A: Well, you know, there's an agenda, set by the president. And it was much
looser before, when M was president. People came together. I didn't know it
very well during that time. But we came together, you'd talk about, I suppose,
what's coming in terms of meetings. There wasn't all that much activity. I'm
trying to think of the year when A came in. A retired. A and G had retired. And
A came in and just immediately took over. She transformed everything. She
started off with having huge thing -- meeting -- at the county, that -- out at Carya
Drive, the county meeting there. She invited -- she had all of the state -- a
number of the state people come in and talk. And she had agendas. There were
work groups, discussion groups, all that jazz. Just a -- and the county
participated in it. A lot of sound and fury. I don't know what came out of it.
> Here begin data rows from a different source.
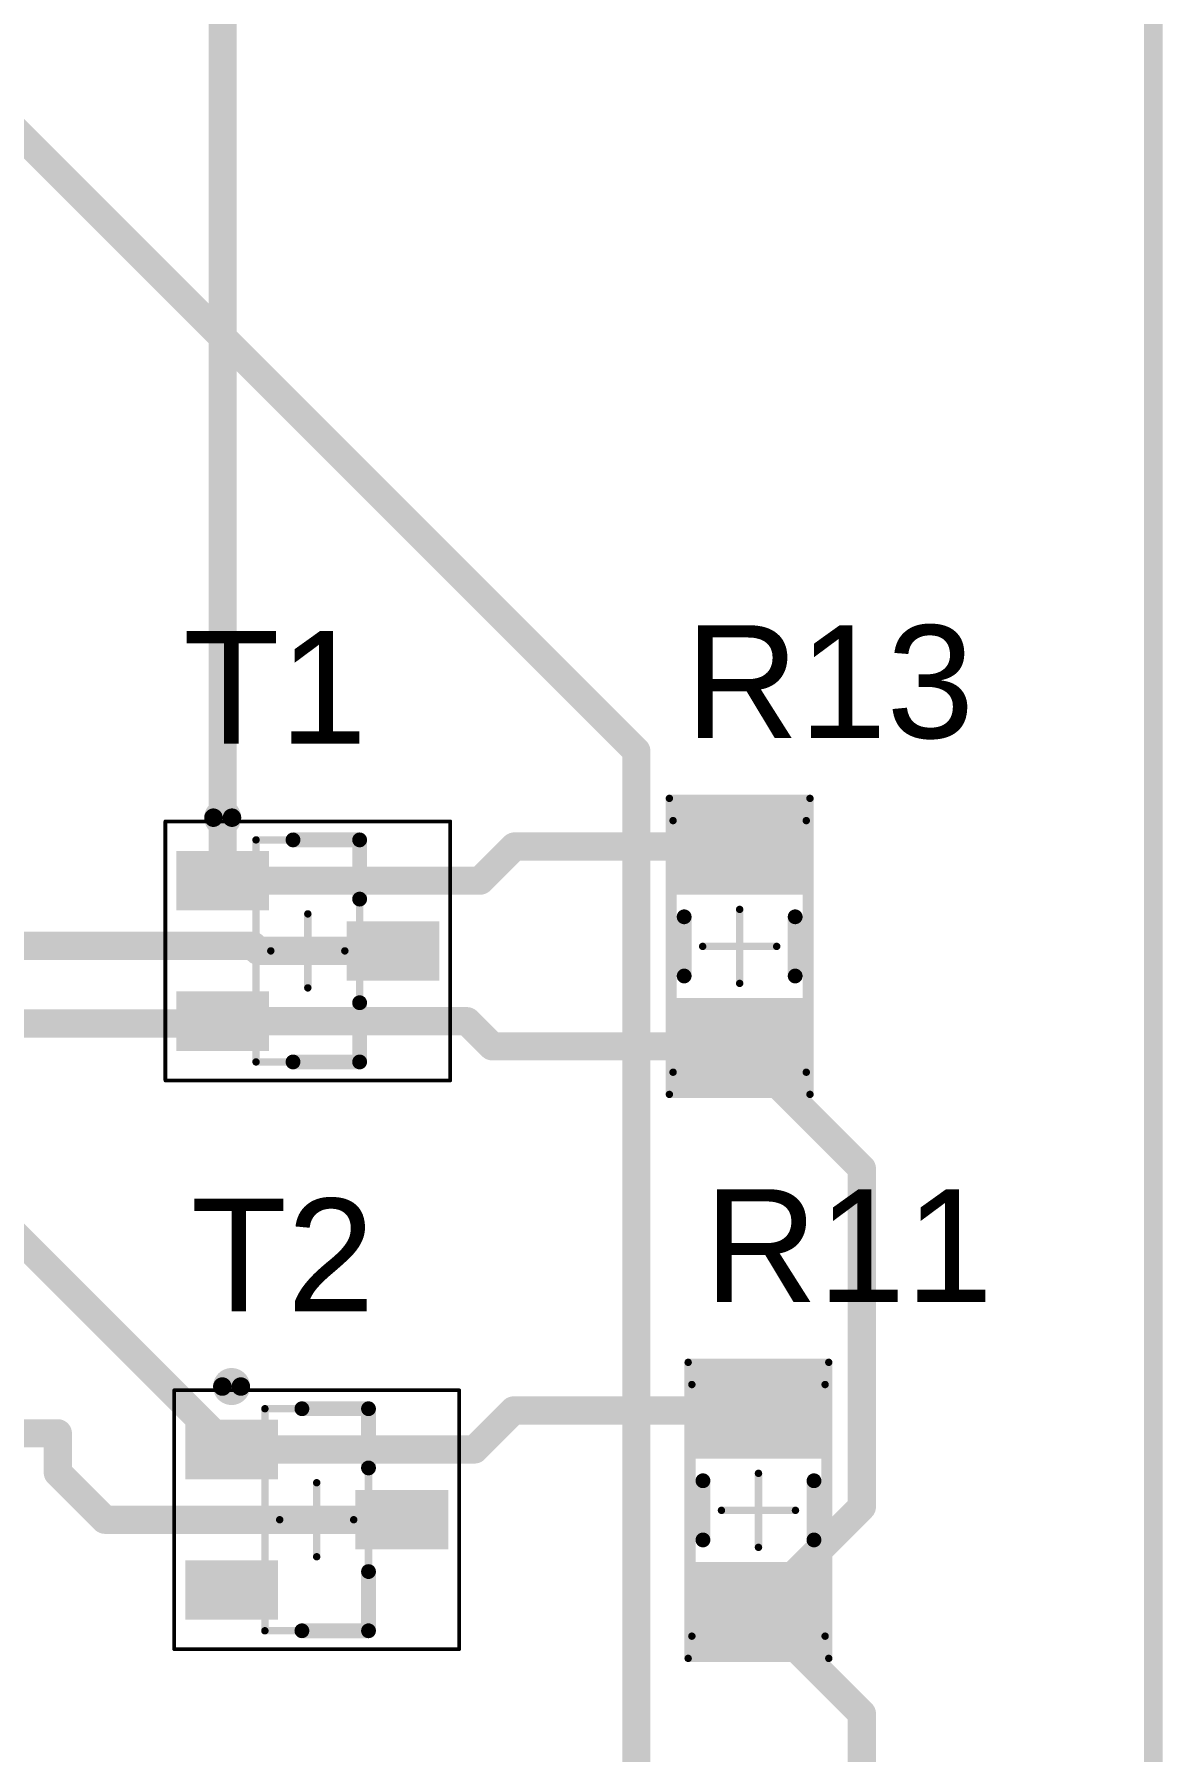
# Model space of a CAD drawing. Header units: millimetres. Extents: x 2.52 to 5.37, y 1.66 to 4.63.
# Drawn here: x 4.765 to 5.365, y 2.72 to 3.633 of the extents above; entities that cross this region are included whole.
import ezdxf

# ---------------------------------------------------------------- set-up
doc = ezdxf.new("R2010")
doc.units = ezdxf.units.MM
doc.header["$MEASUREMENT"] = 0
for name, color, linetype in [('BottomLayer', 5, 'Continuous'), ('Mechanical13', 56, 'Continuous'), ('Mechanical15', 56, 'Continuous'), ('Mechanical4', 56, 'Continuous'), ('TopLayer', 1, 'Continuous'), ('TopOverlay', 2, 'Continuous'), ('TopPaste', 8, 'Continuous'), ('TopSolder', 216, 'Continuous')]:
    doc.layers.add(name, color=color, linetype=linetype)
doc.styles.add('Arial', font='arial.ttf', dxfattribs={"height": 0.2})

# ---------------------------------------------------------------- blocks, each defined once
blk = doc.blocks.new('INF_PG_SOT23_N_6')
at = {"layer": 'TopLayer'}
for points in [[(-0.06594, 0.02559), (-0.06594, 0.04921), (-0.02461, 0.04921), (-0.02461, 0.02559)], [(0.02461, -0.01181), (0.02461, 0.01181), (0.06594, 0.01181), (0.06594, -0.01181)], [(-0.06594, -0.04921), (-0.06594, -0.02559), (-0.02461, -0.02559), (-0.02461, -0.04921)]]:
    blk.add_hatch(color=1, dxfattribs=at).paths.add_polyline_path(points)
at = {"layer": 'TopPaste'}
for points in [[(-0.06594, 0.02559), (-0.06594, 0.04921), (-0.02461, 0.04921), (-0.02461, 0.02559)], [(0.02461, -0.01181), (0.02461, 0.01181), (0.06594, 0.01181), (0.06594, -0.01181)], [(-0.06594, -0.04921), (-0.06594, -0.02559), (-0.02461, -0.02559), (-0.02461, -0.04921)]]:
    blk.add_hatch(color=8, dxfattribs=at).paths.add_polyline_path(points)
at = {"layer": 'TopSolder'}
for points in [[(-0.06994, 0.02159), (-0.06994, 0.05321), (-0.02061, 0.05321), (-0.02061, 0.02159)], [(0.02061, -0.01581), (0.02061, 0.01581), (0.06994, 0.01581), (0.06994, -0.01581)], [(-0.06994, -0.05321), (-0.06994, -0.02159), (-0.02061, -0.02159), (-0.02061, -0.05321)]]:
    blk.add_hatch(color=216, dxfattribs=at).paths.add_polyline_path(points)
at = {"layer": 'Mechanical13', "const_width": 0.00394}
for points in [[(-0.02756, 0.05906), (0.02756, 0.05906)], [(-0.02756, -0.05906), (-0.02756, 0.05906)], [(0.02756, -0.05906), (0.02756, 0.05906)], [(-0.02756, -0.05906), (0.02756, -0.05906)]]:
    blk.add_lwpolyline(points, dxfattribs=at)
at = {"layer": 'Mechanical13', "const_width": 0.00197}
for points in [[(-0.02854, 0.05906, 1), (-0.02657, 0.05906, 1)], [(-0.02854, 0.05906, 1), (-0.02657, 0.05906, 1)], [(0.02657, 0.05906, 1), (0.02854, 0.05906, 1)], [(0.02657, 0.05906, 1), (0.02854, 0.05906, 1)], [(-0.02854, -0.05906, 1), (-0.02657, -0.05906, 1)], [(-0.02854, -0.05906, 1), (-0.02657, -0.05906, 1)], [(0.02657, -0.05906, 1), (0.02854, -0.05906, 1)], [(0.02657, -0.05906, 1), (0.02854, -0.05906, 1)]]:
    blk.add_lwpolyline(points, format="xyb", close=True, dxfattribs=at)
at = {"layer": 'Mechanical15'}
for points, const_width in [([(-0.07579, 0.0689), (0.07579, 0.0689)], 0.00197), ([(-0.07579, -0.0689), (-0.07579, 0.0689)], 0.00197), ([(0.07579, -0.0689), (0.07579, 0.0689)], 0.00197), ([(0, -0.01969), (0, 0.01969)], 0.00394), ([(-0.01969, 0), (0.01969, 0)], 0.00394), ([(-0.07579, -0.0689), (0.07579, -0.0689)], 0.00197)]:
    blk.add_lwpolyline(points, dxfattribs=dict(at, const_width=const_width))
for points, const_width in [([(-0.07628, 0.0689, 1), (-0.0753, 0.0689, 1)], 0.000984), ([(-0.07628, 0.0689, 1), (-0.0753, 0.0689, 1)], 0.000984), ([(0.0753, 0.0689, 1), (0.07628, 0.0689, 1)], 0.000984), ([(0.0753, 0.0689, 1), (0.07628, 0.0689, 1)], 0.000984), ([(-0.00098, 0.01969, 1), (0.00098, 0.01969, 1)], 0.00197), ([(-0.02067, 0, 1), (-0.0187, 0, 1)], 0.00197), ([(0.0187, 0, 1), (0.02067, 0, 1)], 0.00197), ([(-0.00098, -0.01969, 1), (0.00098, -0.01969, 1)], 0.00197), ([(-0.07628, -0.0689, 1), (-0.0753, -0.0689, 1)], 0.000984), ([(-0.07628, -0.0689, 1), (-0.0753, -0.0689, 1)], 0.000984), ([(0.0753, -0.0689, 1), (0.07628, -0.0689, 1)], 0.000984), ([(0.0753, -0.0689, 1), (0.07628, -0.0689, 1)], 0.000984)]:
    blk.add_lwpolyline(points, format="xyb", close=True, dxfattribs=dict(at, const_width=const_width))
at = {"layer": 'TopOverlay'}
for points, const_width in [([(-0.04035, 0.07087, 1), (-0.0502, 0.07087, 1)], 0.00984), ([(-0.05266, 0.07087, 1), (-0.04774, 0.07087, 1)], 0.00492), ([(-0.04281, 0.07087, 1), (-0.03789, 0.07087, 1)], 0.00492), ([(-0.00984, 0.05906, 1), (-0.00591, 0.05906, 1)], 0.00394), ([(0.02559, 0.05906, 1), (0.02953, 0.05906, 1)], 0.00394), ([(0.02559, 0.05906, 1), (0.02953, 0.05906, 1)], 0.00394), ([(0.02559, 0.02756, 1), (0.02953, 0.02756, 1)], 0.00394), ([(0.02559, -0.02756, 1), (0.02953, -0.02756, 1)], 0.00394), ([(-0.00984, -0.05906, 1), (-0.00591, -0.05906, 1)], 0.00394), ([(0.02559, -0.05906, 1), (0.02953, -0.05906, 1)], 0.00394), ([(0.02559, -0.05906, 1), (0.02953, -0.05906, 1)], 0.00394)]:
    blk.add_lwpolyline(points, format="xyb", close=True, dxfattribs=dict(at, const_width=const_width))
at = {"layer": 'TopOverlay', "const_width": 0.00787}
for points in [[(-0.00787, 0.05906), (0.02756, 0.05906)], [(0.02756, 0.02756), (0.02756, 0.05906)], [(0.02756, -0.05906), (0.02756, -0.02756)], [(-0.00787, -0.05906), (0.02756, -0.05906)]]:
    blk.add_lwpolyline(points, dxfattribs=at)
blk = doc.blocks.new('INF_PG_SOT23_N_7')
at = {"layer": 'TopLayer'}
for points in [[(-0.06594, 0.02559), (-0.06594, 0.04921), (-0.02461, 0.04921), (-0.02461, 0.02559)], [(0.02461, -0.01181), (0.02461, 0.01181), (0.06594, 0.01181), (0.06594, -0.01181)], [(-0.06594, -0.04921), (-0.06594, -0.02559), (-0.02461, -0.02559), (-0.02461, -0.04921)]]:
    blk.add_hatch(color=1, dxfattribs=at).paths.add_polyline_path(points)
at = {"layer": 'TopPaste'}
for points in [[(-0.06594, 0.02559), (-0.06594, 0.04921), (-0.02461, 0.04921), (-0.02461, 0.02559)], [(0.02461, -0.01181), (0.02461, 0.01181), (0.06594, 0.01181), (0.06594, -0.01181)], [(-0.06594, -0.04921), (-0.06594, -0.02559), (-0.02461, -0.02559), (-0.02461, -0.04921)]]:
    blk.add_hatch(color=8, dxfattribs=at).paths.add_polyline_path(points)
at = {"layer": 'TopSolder'}
for points in [[(-0.06994, 0.02159), (-0.06994, 0.05321), (-0.02061, 0.05321), (-0.02061, 0.02159)], [(0.02061, -0.01581), (0.02061, 0.01581), (0.06994, 0.01581), (0.06994, -0.01581)], [(-0.06994, -0.05321), (-0.06994, -0.02159), (-0.02061, -0.02159), (-0.02061, -0.05321)]]:
    blk.add_hatch(color=216, dxfattribs=at).paths.add_polyline_path(points)
at = {"layer": 'Mechanical13', "const_width": 0.00394}
for points in [[(-0.02756, 0.05906), (0.02756, 0.05906)], [(-0.02756, -0.05906), (-0.02756, 0.05906)], [(0.02756, -0.05906), (0.02756, 0.05906)], [(-0.02756, -0.05906), (0.02756, -0.05906)]]:
    blk.add_lwpolyline(points, dxfattribs=at)
at = {"layer": 'Mechanical13', "const_width": 0.00197}
for points in [[(-0.02854, 0.05906, 1), (-0.02657, 0.05906, 1)], [(-0.02854, 0.05906, 1), (-0.02657, 0.05906, 1)], [(0.02657, 0.05906, 1), (0.02854, 0.05906, 1)], [(0.02657, 0.05906, 1), (0.02854, 0.05906, 1)], [(-0.02854, -0.05906, 1), (-0.02657, -0.05906, 1)], [(-0.02854, -0.05906, 1), (-0.02657, -0.05906, 1)], [(0.02657, -0.05906, 1), (0.02854, -0.05906, 1)], [(0.02657, -0.05906, 1), (0.02854, -0.05906, 1)]]:
    blk.add_lwpolyline(points, format="xyb", close=True, dxfattribs=at)
at = {"layer": 'Mechanical15'}
for points, const_width in [([(-0.07579, 0.0689), (0.07579, 0.0689)], 0.00197), ([(-0.07579, -0.0689), (-0.07579, 0.0689)], 0.00197), ([(0.07579, -0.0689), (0.07579, 0.0689)], 0.00197), ([(0, -0.01969), (0, 0.01969)], 0.00394), ([(-0.01969, 0), (0.01969, 0)], 0.00394), ([(-0.07579, -0.0689), (0.07579, -0.0689)], 0.00197)]:
    blk.add_lwpolyline(points, dxfattribs=dict(at, const_width=const_width))
for points, const_width in [([(-0.07628, 0.0689, 1), (-0.0753, 0.0689, 1)], 0.000984), ([(-0.07628, 0.0689, 1), (-0.0753, 0.0689, 1)], 0.000984), ([(0.0753, 0.0689, 1), (0.07628, 0.0689, 1)], 0.000984), ([(0.0753, 0.0689, 1), (0.07628, 0.0689, 1)], 0.000984), ([(-0.00098, 0.01969, 1), (0.00098, 0.01969, 1)], 0.00197), ([(-0.02067, 0, 1), (-0.0187, 0, 1)], 0.00197), ([(0.0187, 0, 1), (0.02067, 0, 1)], 0.00197), ([(-0.00098, -0.01969, 1), (0.00098, -0.01969, 1)], 0.00197), ([(-0.07628, -0.0689, 1), (-0.0753, -0.0689, 1)], 0.000984), ([(-0.07628, -0.0689, 1), (-0.0753, -0.0689, 1)], 0.000984), ([(0.0753, -0.0689, 1), (0.07628, -0.0689, 1)], 0.000984), ([(0.0753, -0.0689, 1), (0.07628, -0.0689, 1)], 0.000984)]:
    blk.add_lwpolyline(points, format="xyb", close=True, dxfattribs=dict(at, const_width=const_width))
at = {"layer": 'TopOverlay'}
for points, const_width in [([(-0.04035, 0.07087, 1), (-0.0502, 0.07087, 1)], 0.00984), ([(-0.05266, 0.07087, 1), (-0.04774, 0.07087, 1)], 0.00492), ([(-0.04281, 0.07087, 1), (-0.03789, 0.07087, 1)], 0.00492), ([(-0.00984, 0.05906, 1), (-0.00591, 0.05906, 1)], 0.00394), ([(0.02559, 0.05906, 1), (0.02953, 0.05906, 1)], 0.00394), ([(0.02559, 0.05906, 1), (0.02953, 0.05906, 1)], 0.00394), ([(0.02559, 0.02756, 1), (0.02953, 0.02756, 1)], 0.00394), ([(0.02559, -0.02756, 1), (0.02953, -0.02756, 1)], 0.00394), ([(-0.00984, -0.05906, 1), (-0.00591, -0.05906, 1)], 0.00394), ([(0.02559, -0.05906, 1), (0.02953, -0.05906, 1)], 0.00394), ([(0.02559, -0.05906, 1), (0.02953, -0.05906, 1)], 0.00394)]:
    blk.add_lwpolyline(points, format="xyb", close=True, dxfattribs=dict(at, const_width=const_width))
at = {"layer": 'TopOverlay', "const_width": 0.00787}
for points in [[(-0.00787, 0.05906), (0.02756, 0.05906)], [(0.02756, 0.02756), (0.02756, 0.05906)], [(0.02756, -0.05906), (0.02756, -0.02756)], [(-0.00787, -0.05906), (0.02756, -0.05906)]]:
    blk.add_lwpolyline(points, dxfattribs=at)
blk = doc.blocks.new('C1206_20')
at = {"layer": 'TopLayer'}
for points in [[(-0.0748, -0.03346), (-0.0748, 0.03346), (-0.0315, 0.03346), (-0.0315, -0.03346)], [(0.0315, -0.03346), (0.0315, 0.03346), (0.0748, 0.03346), (0.0748, -0.03346)]]:
    blk.add_hatch(color=1, dxfattribs=at).paths.add_polyline_path(points)
at = {"layer": 'TopPaste'}
for points in [[(-0.0748, -0.03346), (-0.0748, 0.03346), (-0.0315, 0.03346), (-0.0315, -0.03346)], [(0.0315, -0.03346), (0.0315, 0.03346), (0.0748, 0.03346), (0.0748, -0.03346)]]:
    blk.add_hatch(color=8, dxfattribs=at).paths.add_polyline_path(points)
at = {"layer": 'TopSolder'}
for points in [[(-0.0788, -0.03746), (-0.0788, 0.03746), (-0.0275, 0.03746), (-0.0275, -0.03746)], [(0.0275, -0.03746), (0.0275, 0.03746), (0.0788, 0.03746), (0.0788, -0.03746)]]:
    blk.add_hatch(color=216, dxfattribs=at).paths.add_polyline_path(points)
at = {"layer": 'Mechanical13', "const_width": 0.00394}
for points in [[(0.06693, 0.03543), (-0.06693, 0.03543)], [(-0.06693, -0.03543), (-0.06693, 0.03543)], [(0.06693, -0.03543), (0.06693, 0.03543)], [(0.06693, -0.03543), (-0.06693, -0.03543)]]:
    blk.add_lwpolyline(points, dxfattribs=at)
at = {"layer": 'Mechanical13', "const_width": 0.00197}
for points in [[(-0.06791, 0.03543, 1), (-0.06594, 0.03543, 1)], [(-0.06791, 0.03543, 1), (-0.06594, 0.03543, 1)], [(0.06594, 0.03543, 1), (0.06791, 0.03543, 1)], [(0.06594, 0.03543, 1), (0.06791, 0.03543, 1)], [(-0.06791, -0.03543, 1), (-0.06594, -0.03543, 1)], [(-0.06791, -0.03543, 1), (-0.06594, -0.03543, 1)], [(0.06594, -0.03543, 1), (0.06791, -0.03543, 1)], [(0.06594, -0.03543, 1), (0.06791, -0.03543, 1)]]:
    blk.add_lwpolyline(points, format="xyb", close=True, dxfattribs=at)
at = {"layer": 'Mechanical15', "const_width": 0.00394}
for points in [[(0.07874, 0.0374), (-0.07874, 0.0374)], [(-0.07874, -0.0374), (-0.07874, 0.0374)], [(0.07874, -0.0374), (0.07874, 0.0374)], [(0, -0.01969), (0, 0.01969)], [(0.01969, 0), (-0.01969, 0)], [(0.07874, -0.0374), (-0.07874, -0.0374)]]:
    blk.add_lwpolyline(points, dxfattribs=at)
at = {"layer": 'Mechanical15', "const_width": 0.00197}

Q: So what happens -A: But then she came in and she changed the style. She announced, "I've been a
CEO, and this will be organized." And she came in, then, with a full agenda and
with specific items. And that -- F has been looser. But F has -- a lot of things
have changed. For example, the support groups are going now. All this can be so
accidental. G with the support groups, and he really organizes them well. I
started the CIT, and that became a big thing. Now, let's see. Then A always had
something. She was calling a forum, calling various things. There was much,
much more going on when she started. And then other people -- we just
happened to have more people coming forward. And the hospital, of course, has
been a big concern.
Q: Right. So now that K is the president, what does the typical meeting
structure look like? How are -- the flow?
A: Well, F was in before K. And F had an orderly meeting, with an agenda,
what was going to be discussed. It was a bit looser. And his priorities, he wanted
to get the support groups going. And then people brought up things. And with K,
I don't know, I really have nothing to compare with. She comes in, again, with
an agenda, and the meetings go well. They've all been good presidents.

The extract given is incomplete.